*TO DO*
Reproduce exactly the span of lines that opens with the line containing "#16420 = VERTEX_POINT ( 'NONE', #12166 ) ;" and closes with the last line of the entries below.

*PROVIDED RECORDS*
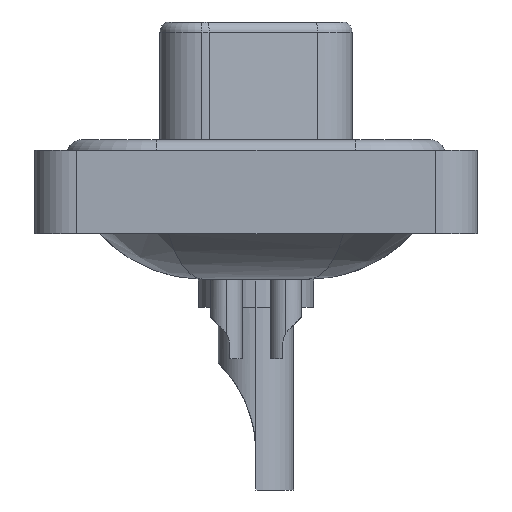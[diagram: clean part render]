
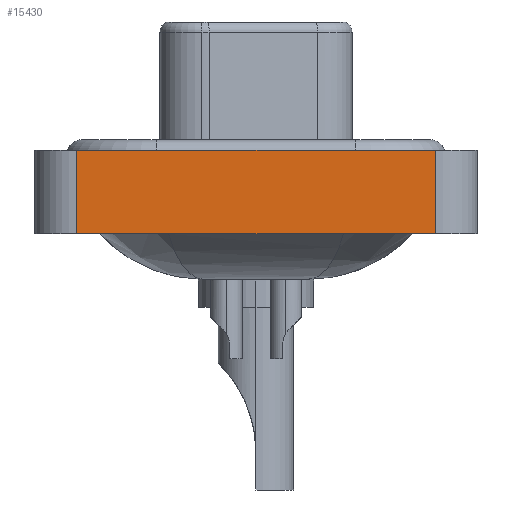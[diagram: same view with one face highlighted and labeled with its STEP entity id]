
A CAD part, left-side view. The second image highlights one B-rep face of the part: STEP entity #15430.
In plain terms, the highlighted planar face has unit normal (-1, 0, 0).
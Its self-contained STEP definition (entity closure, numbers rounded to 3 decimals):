
#1003 = LINE ( 'NONE', #9414, #11873 ) ;
#1558 = LINE ( 'NONE', #5722, #12937 ) ;
#2211 = DIRECTION ( 'NONE',  ( 0., 0., 1. ) ) ;
#2762 = VERTEX_POINT ( 'NONE', #18184 ) ;
#3483 = PLANE ( 'NONE',  #9248 ) ;
#4260 = DIRECTION ( 'NONE',  ( 0., -1., 0. ) ) ;
#4343 = ORIENTED_EDGE ( 'NONE', *, *, #5888, .F. ) ;
#5557 = CARTESIAN_POINT ( 'NONE',  ( -7.25, -8.55, -3.6 ) ) ;
#5722 = CARTESIAN_POINT ( 'NONE',  ( -7.25, -8.55, -3.6 ) ) ;
#5888 = EDGE_CURVE ( 'NONE', #12056, #16420, #1003, .T. ) ;
#6645 = VECTOR ( 'NONE', #2211, 1000. ) ;
#8955 = CARTESIAN_POINT ( 'NONE',  ( -7.25, 8.55, -3.6 ) ) ;
#9210 = DIRECTION ( 'NONE',  ( 0., 0., 1. ) ) ;
#9237 = LINE ( 'NONE', #9339, #6645 ) ;
#9248 = AXIS2_PLACEMENT_3D ( 'NONE', #16095, #17733, #9210 ) ;
#9339 = CARTESIAN_POINT ( 'NONE',  ( -7.25, 8.55, -3.6 ) ) ;
#9414 = CARTESIAN_POINT ( 'NONE',  ( -7.25, -8.55, 0.4 ) ) ;
#9747 = ORIENTED_EDGE ( 'NONE', *, *, #14758, .T. ) ;
#10087 = EDGE_CURVE ( 'NONE', #2762, #16420, #1558, .T. ) ;
#10293 = VERTEX_POINT ( 'NONE', #8955 ) ;
#10363 = EDGE_LOOP ( 'NONE', ( #13378, #4343, #17017, #9747 ) ) ;
#11873 = VECTOR ( 'NONE', #13890, 1000. ) ;
#12056 = VERTEX_POINT ( 'NONE', #16092 ) ;
#12166 = CARTESIAN_POINT ( 'NONE',  ( -7.25, -8.55, 0.4 ) ) ;
#12937 = VECTOR ( 'NONE', #15747, 1000. ) ;
#13320 = VECTOR ( 'NONE', #4260, 1000. ) ;
#13378 = ORIENTED_EDGE ( 'NONE', *, *, #10087, .T. ) ;
#13890 = DIRECTION ( 'NONE',  ( 0., -1., 0. ) ) ;
#14758 = EDGE_CURVE ( 'NONE', #10293, #2762, #15304, .T. ) ;
#14899 = FACE_OUTER_BOUND ( 'NONE', #10363, .T. ) ;
#15304 = LINE ( 'NONE', #5557, #13320 ) ;
#15430 = ADVANCED_FACE ( 'NONE', ( #14899 ), #3483, .T. ) ;
#15747 = DIRECTION ( 'NONE',  ( 0., 0., 1. ) ) ;
#16092 = CARTESIAN_POINT ( 'NONE',  ( -7.25, 8.55, 0.4 ) ) ;
#16095 = CARTESIAN_POINT ( 'NONE',  ( -7.25, -8.55, -3.6 ) ) ;
#16311 = EDGE_CURVE ( 'NONE', #10293, #12056, #9237, .T. ) ;
#16420 = VERTEX_POINT ( 'NONE', #12166 ) ;
#17017 = ORIENTED_EDGE ( 'NONE', *, *, #16311, .F. ) ;
#17733 = DIRECTION ( 'NONE',  ( -1., 0., 0. ) ) ;
#18184 = CARTESIAN_POINT ( 'NONE',  ( -7.25, -8.55, -3.6 ) ) ;

*ANSWER FOR THE TASK*
#16420 = VERTEX_POINT ( 'NONE', #12166 ) ;
#17017 = ORIENTED_EDGE ( 'NONE', *, *, #16311, .F. ) ;
#17733 = DIRECTION ( 'NONE',  ( -1., 0., 0. ) ) ;
#18184 = CARTESIAN_POINT ( 'NONE',  ( -7.25, -8.55, -3.6 ) ) ;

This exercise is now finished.